- Task directions -
Wherever the string "dimension" appears in a line of the listing below, report that line.

- Material provided -
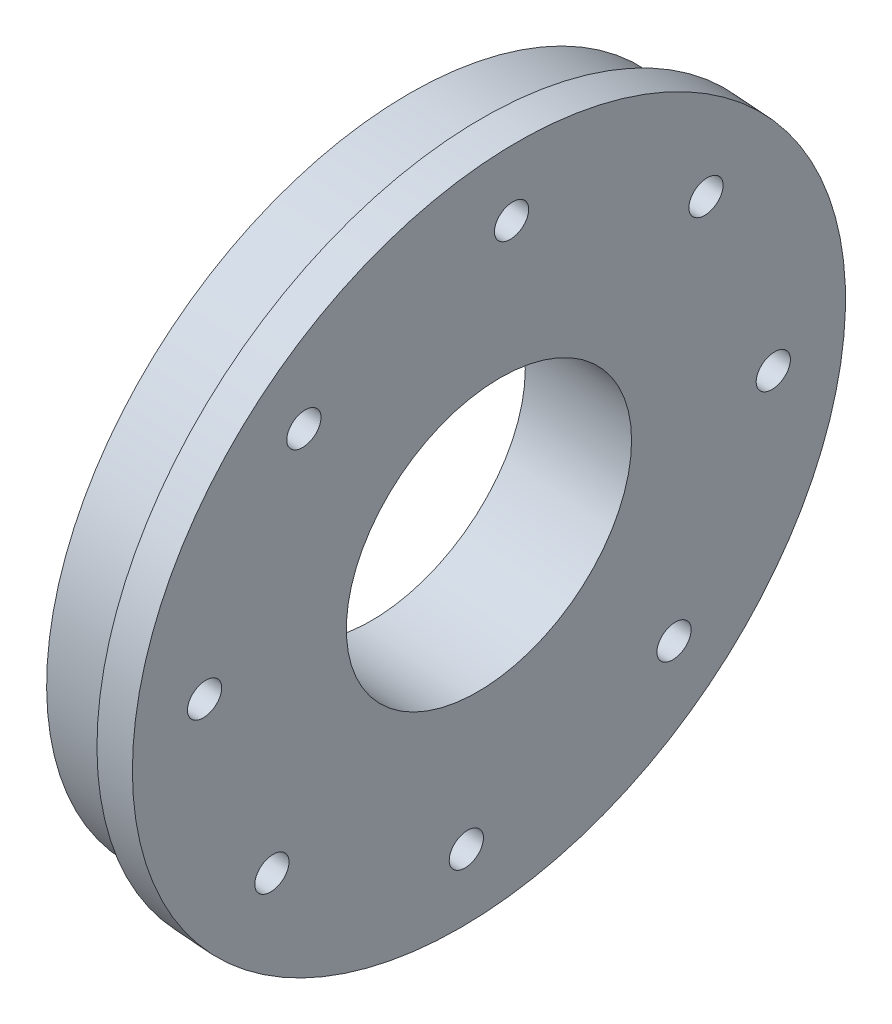
SolidWorks part; units mm, degrees
ref_plane "Front Plane" through (0, 0, 0) normal (0, 0, 1) x (1, 0, 0)
ref_plane "Top Plane" through (0, 0, 0) normal (0, 1, 0) x (1, 0, 0)
ref_plane "Right Plane" through (0, 0, 0) normal (1, 0, 0) x (0, 0, -1)
sketch "Sketch1" plane through (234.2789, -18.689, 0) normal (0.9968, -0.0795, 0) x (0, 0, -1)
  circle A1 centre (-43.1743, 8.5503) radius 14.9606
  dimension "D1" = 29.9212
extrude "Boss-Extrude1" add sketch "Sketch1" against normal blind 4.7625
sketch "Sketch2" plane through (234.2789, -18.689, 0) normal (0.9968, -0.0795, 0) x (0, 0, -1)
  circle A0 centre (-43.1743, 8.5503) radius 6.35
  dimension "D1" = 12.7
extrude "Cut-Extrude1" cut sketch "Sketch2" against normal blind 6.35
sketch "Sketch3" plane through (229.5315, -18.3103, 0) normal (-0.9968, 0.0795, 0) x (0, 0, 1)
  circle A0 centre (43.1743, 21.2503) radius 0.762
  circle A1 centre (43.1743, 8.5503) radius 14.9606 construction
  circle A2 centre (43.1743, 8.5503) radius 14.9606
  circle A3 centre (52.1545, 17.5306) radius 0.762
  circle A4 centre (55.8743, 8.5503) radius 0.762
  circle A5 centre (52.1545, -0.4299) radius 0.762
  circle A6 centre (43.1743, -4.1497) radius 0.762
  circle A7 centre (34.194, -0.4299) radius 0.762
  circle A8 centre (30.4743, 8.5503) radius 0.762
  circle A9 centre (34.194, 17.5306) radius 0.762
  point P21 (43.1743, 8.5503)
  dimension "D1" = 1.524
  dimension "D3" = 12.7
  dimension "D2" = 8
extrude "Cut-Extrude2" cut sketch "Sketch3" against normal blind 10 contours A8 | A0 | A3 | A4 | A5 | A6 | A7 | A9 region at (231.2213, 2.8727, 43.1743) region at (230.9255, -0.8352, 52.1545) region at (230.2114, -9.787, 55.8743) region at (229.4973, -18.7389, 52.1545) region at (229.2015, -22.4468, 43.1743) region at (229.4973, -18.7389, 34.194) region at (230.2114, -9.787, 30.4743)
sketch "Sketch4" plane through (234.2789, -18.689, 0) normal (0.9968, -0.0795, 0) x (0, 0, -1)
  line L0 (-58.1349, 8.5503) -> (-28.2137, 8.5503) construction
  circle A0 centre (-43.1743, 8.5503) radius 14.9606 construction
sketch "Sketch5" plane through (234.2789, -18.689, 0) normal (-0.9968, 0.0795, 0) x (0, 0, 1)
  circle A0 centre (43.1743, 8.5503) radius 14.9606 construction
  circle A1 centre (43.1743, 8.5503) radius 14.9606
  circle A2 centre (43.1743, 8.5503) radius 15.875
  dimension "D1" = 31.75
extrude "Boss-Extrude2" add sketch "Sketch5" along normal blind 1.5875
ref_axis "Axis1" through (230.2414, -9.7894, 43.1743) along (0.9968, -0.0795, 0)
ref_point "Point1"

- Solution for this exercise -
  dimension "D1" = 29.9212
  dimension "D1" = 12.7
  dimension "D1" = 1.524
  dimension "D3" = 12.7
  dimension "D2" = 8
  dimension "D1" = 31.75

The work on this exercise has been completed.